Miscellanea

Security

TO DO:

• Describe Proof of Work vs Proof of Stake trade-offs

• Compare Khimaira with PoW and PoS

  • Security budget - more expensive to do 51% attack

  • Ability to recover from 51% attack

  • More robust randomness beacon

• Calculations of improved security

Sustainability

TODO:

• Outline the Hot Gates Protocol which is responsible for capping the energy requirements of the PoW component of Khimaira and to keep it proportional to the actual usage and adoption of the SPEAR network.

Data Availability

In a sharded network, not all validators will have a copy of each execution chain as that would defeat the purpose of sharding in the first place. This gives rise to the fisherman's dilemma otherwise known as the data availability problem - "not publishing data is not a uniquely attributable fault". In the case of the two scenarios below that uses fraud proofs, any node that becomes aware of the alarm only recently would not be able to tell whether it is the publisher or the fisherman that is malicious.

In the case of the SPEAR network, we are able to combat this for the Mora layer because the Stratos layer is explicitly designed to keep an eye on the block production process. All blocks created on the Block Production Chain are required to be submitted to the Checkpoint Chain for checking. If 1/3+ Block Producers are malicious and decide to withhold the publishing of block data, the Witnesses in the committee can vote to quarantine the suspected Block Producers so that they cannot become the block proposer during this epoch.
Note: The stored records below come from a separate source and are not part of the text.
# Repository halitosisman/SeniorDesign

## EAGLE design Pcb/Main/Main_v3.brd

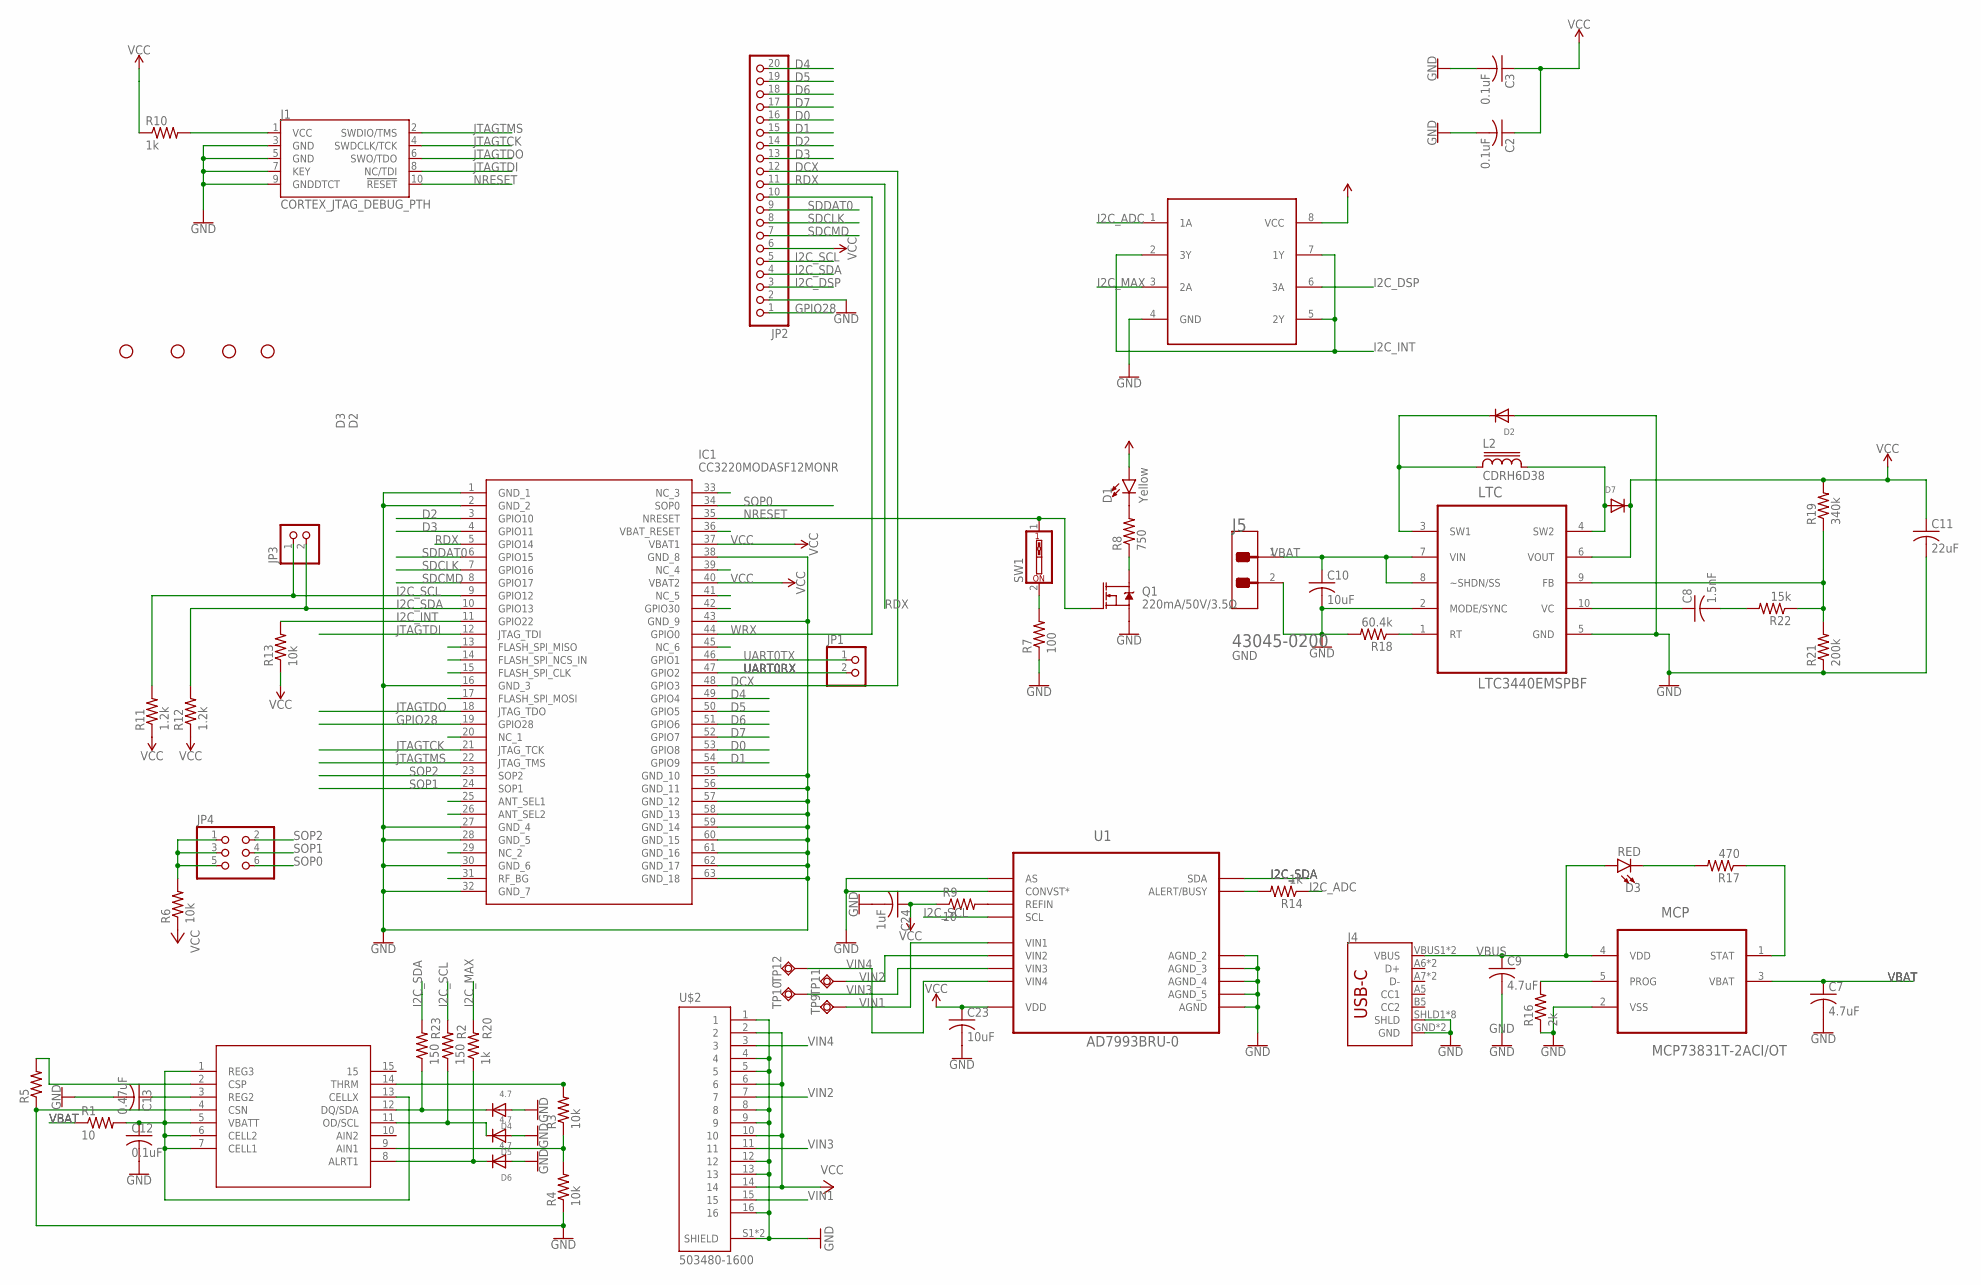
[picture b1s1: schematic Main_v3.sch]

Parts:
74LVC: SOP65P400X110-8N
C2, C3, C12: 0.1uF; C0805
C7, C9: 4.7uF; C0805
C8: 1.5nF; C0805
C10, C23: 10uF; C0805
C11: 22uF; C1210
C13: 0.47uF; C0805
C24: 1uF; C0805
D1: Yellow; LED-0603
D2, D7: DIODESOD-323F; SOD-323F
D3: RED; LED-0603
D4, D5, D6: 4.7; SOD-323F
H1, H2, H3, H4: STAND-OFF
IC1: CC3220MODASF12MONR; CC3220MODASM2MONR
J1: CORTEX_JTAG_DEBUG_PTH; 2X5-PTH-1.27MM
J4: USB_C2-LAYER; USB-C-16P
J5: MOLEX_43045-0200MOLEX_43045-0200_0_0; MOLEX_43045-0200_0
JP1, JP3: PINHD-1X2; 1X02
JP2: PINHD-1X20; 1X20
JP4: PINHD-2X3; 2X03
L2: CDRH6D38; CDRH6D
LTC: LTC3440EMSPBF; SOP50P490X110-10N
MAX: MAX17201G+T; 21-0137I_T1433-1
MCP: MCP73831T-2ACI/OT; SOT95P280X145-5N
Q1: 220mA/50V/3.5Ω; SOT23-3
R1, R9: 10; R0805
R2, R23: 150; R0805
R3, R4, R6, R13: 10k; R0805
R5: R-US_R0805; R0805
R7: 100; R0805
R8: 750; R0805
R10, R14, R20: 1k; R0805
R11, R12: 1.2k; R0805
R16: 2k; R0805
R17: 470; R0805
R18: 60.4k; R0805
R19: 340k; R0805
R21: 200k; R0805
R22: 15k; R0805
SW1: SW_DIP-1; EDG-01
TP9, TP10, TP11, TP12: TPSQTP12R; TP12R
U1: AD7993BRU-0; SOP65P640X120-16N
U$2: 503480-1600; MOLEX_503480-1600

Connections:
D0: IC1.53 (GPIO8), JP2.16
D1: IC1.54 (GPIO9), JP2.15
D2: IC1.3 (GPIO10), JP2.14
D3: IC1.4 (GPIO11), JP2.13
D4: IC1.49 (GPIO4), JP2.20
D5: IC1.50 (GPIO5), JP2.19
D6: IC1.51 (GPIO6), JP2.18
D7: IC1.52 (GPIO7), JP2.17
DCX: IC1.48 (GPIO3), JP2.12
GND: 74LVC.4 (GND), C2.2, C3.2, C7.2, C9.2, C10.2, C11.2, C12.2, C13.2, C23.2, C24.2, D2.A, D4.A, D5.A, D6.A, IC1.1 (GND_1), IC1.2 (GND_2), IC1.16 (GND_3), IC1.27 (GND_4), IC1.28 (GND_5), IC1.30 (GND_6), IC1.32 (GND_7), IC1.38 (GND_8), IC1.43 (GND_9), IC1.55 (GND_10), IC1.56 (GND_11), IC1.57 (GND_12), IC1.58 (GND_13), IC1.59 (GND_14), IC1.60 (GND_15), IC1.61 (GND_16), IC1.62 (GND_17), IC1.63 (GND_18), J1.3 (GND), J1.5 (GND), J1.7 (KEY), J1.9 (GNDDTCT), J4.GND, J4.GND2 (GND), J4.SHLD1 (SHLD), J4.SHLD2 (SHLD), J4.SHLD3 (SHLD), J4.SHLD4 (SHLD), J4.SHLD5 (SHLD), J4.SHLD6 (SHLD), J4.SHLD7 (SHLD), J4.SHLD8 (SHLD), J5.2, JP2.2, LTC.2 (MODE/SYNC), LTC.5 (GND), MAX.4 (CSN), MCP.2 (VSS), Q1.2 (S), R4.1, R5.1, R7.1, R16.1, R18.2, R21.1, U1.1 (AGND_2), U1.2 (AGND_3), U1.3 (AGND_4), U1.4 (AGND_5), U1.11 (AS), U1.12 (CONVST*), U1.16 (AGND), U$2.1, U$2.4, U$2.5, U$2.8, U$2.9, U$2.12, U$2.13, U$2.16, U$2.S1 (SHIELD), U$2.S2 (SHIELD)
GPIO28: IC1.19 (GPIO28), JP2.1
I2C_ADC: 74LVC.1 (1A), R14.1
I2C_DSP: 74LVC.6 (3A), JP2.3
I2C_INT: 74LVC.2 (3Y), 74LVC.5 (2Y), 74LVC.7 (1Y), IC1.11 (GPIO22), R13.2
I2C_MAX: 74LVC.3 (2A), R20.2
I2C_SCL: IC1.9 (GPIO12), JP2.5, JP3.1, R2.2, R11.2, U1.15 (SCL)
I2C_SDA: IC1.10 (GPIO13), JP2.4, JP3.2, R12.2, R23.2, U1.14 (SDA)
JTAGTCK: IC1.21 (JTAG_TCK), J1.4 (SWDCLK/TCK)
JTAGTDI: IC1.12 (JTAG_TDI), J1.8 (NC/TDI)
JTAGTDO: IC1.18 (JTAG_TDO), J1.6 (SWO/TDO)
JTAGTMS: IC1.22 (JTAG_TMS), J1.2 (SWDIO/TMS)
JTAG_R: J1.1 (VCC), R10.2
LTC_CRS: C8.2, R22.2
LTC_FB: LTC.9 (FB), R19.1, R21.2, R22.1
LTC_IND1: D2.C, L2.1, LTC.3 (SW1)
LTC_IND2: D7.A, L2.2, LTC.4 (SW2)
LTC_RT: LTC.1 (RT), R18.1
LTC_VC: C8.1, LTC.10 (VC)
MAX_AIN1: MAX.9 (AIN1), R3.1, R4.2
MAX_CSP: MAX.2 (CSP), R5.2
MAX_INT: D6.C, MAX.8 (ALRT1), R20.1
MAX_REG2: C13.1, MAX.3 (REG2)
MAX_SCL: D5.C, MAX.11 (OD/SCL), R2.1
MAX_SDA: D4.C, MAX.12 (DQ/SDA), R23.1
MAX_THRM: MAX.14 (THRM), R3.2
MAX_VBAT: C12.1, MAX.1 (REG3), MAX.5 (VBATT), MAX.6 (CELL2), MAX.7 (CELL1), MAX.13 (CELLX), R1.2
MPC_LED: D3.C, R17.2
MPC_RPROG: MCP.5 (PROG), R16.2
MPC_STAT: MCP.1 (STAT), R17.1
unnamed: JP4.1, JP4.3, JP4.5, R6.2
unnamed: R9.2, U1.6 (REFIN)
unnamed: R14.2, U1.13 (ALERT/BUSY)
NRESET: IC1.35 (NRESET), J1.10 (!RESET), Q1.1 (G), SW1.1
RDX: IC1.5 (GPIO14), JP2.11
RESET_DIODE: D1.C, R8.2
RESET_MOS: Q1.3 (D), R8.1
RESET_SW1: R7.2, SW1.2
SDCLK: IC1.7 (GPIO16), JP2.8
SDCMD: IC1.8 (GPIO17), JP2.7
SDDAT0: IC1.6 (GPIO15), JP2.9
SOP0: IC1.34 (SOP0), JP4.6
SOP1: IC1.24 (SOP1), JP4.4
SOP2: IC1.23 (SOP2), JP4.2
UART0RX: IC1.47 (GPIO2), JP1.2
UART0TX: IC1.46 (GPIO1), JP1.1
VBAT: C7.1, C10.1, J5.1, LTC.7 (VIN), LTC.8 (~SHDN/SS), MCP.3 (VBAT), R1.1
VBUS: C9.1, D3.A, J4.VBUS1 (VBUS), J4.VBUS2 (VBUS), MCP.4 (VDD)
VCC: 74LVC.8 (VCC), C2.1, C3.1, C11.1, C23.1, C24.1, D1.A, D7.C, IC1.37 (VBAT1), IC1.40 (VBAT2), JP2.6, LTC.6 (VOUT), R6.1, R9.1, R10.1, R11.1, R12.1, R13.1, R19.2, U1.5 (VDD), U$2.2, U$2.6, U$2.10, U$2.14
VIN1: TP9.TP, U1.7 (VIN1), U$2.15
VIN2: TP11.TP, U1.10 (VIN2), U$2.7
VIN3: TP10.TP, U1.8 (VIN3), U$2.11
VIN4: TP12.TP, U1.9 (VIN4), U$2.3
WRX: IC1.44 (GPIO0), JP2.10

The committee can then submit a proposal to slash the collateral of these Block Producers to be voted by Governance participants on the Apella layer.

The next problem is how we get around the data availability problem for the Stratos layer. Even though it is much more difficult for a malicious attacker to take control of a Witness committee for one particular shard by implementing random sampling with an uncapped number of potential validators that can be selected to be part of a committee, it is still not impossible for an adaptive adversary to control 1/3+ of Witnesses in a committee. To solve this we require the committee of each shard to submit transactions data together with attestations from the members of the committee as superblocks to the Chronicle Chain in such a way that it doesn't increase the storage burden of the nodes on the Apella layer. This would function as follows:

1. A member of the committee is chosen as the block proposer for a particular round to collect and verify a number of blocks produced for a particular shard's block production chain.

2. Using the Spearmint consensus mechanism, other Witnesses in the committee vote for the validity of this superblock by submitting attestations - digital signatures using their private key.

3. When a superblock receives attestations from 2/3+ of Witnesses, this superblock is then committed to their Checkpoint Chain.

4. The Witness that created the superblock also uploads it to a decentralized storage provider (either IPFS or Arweave) and submits the pointer to the Chronicle Chain including the pointer to the previous superblock.

5. All other capable nodes can review the provided superblocks on the Chronicle Chain and submits a proposal to slash potentially malicious actors via voting of the Judicial Governance committee.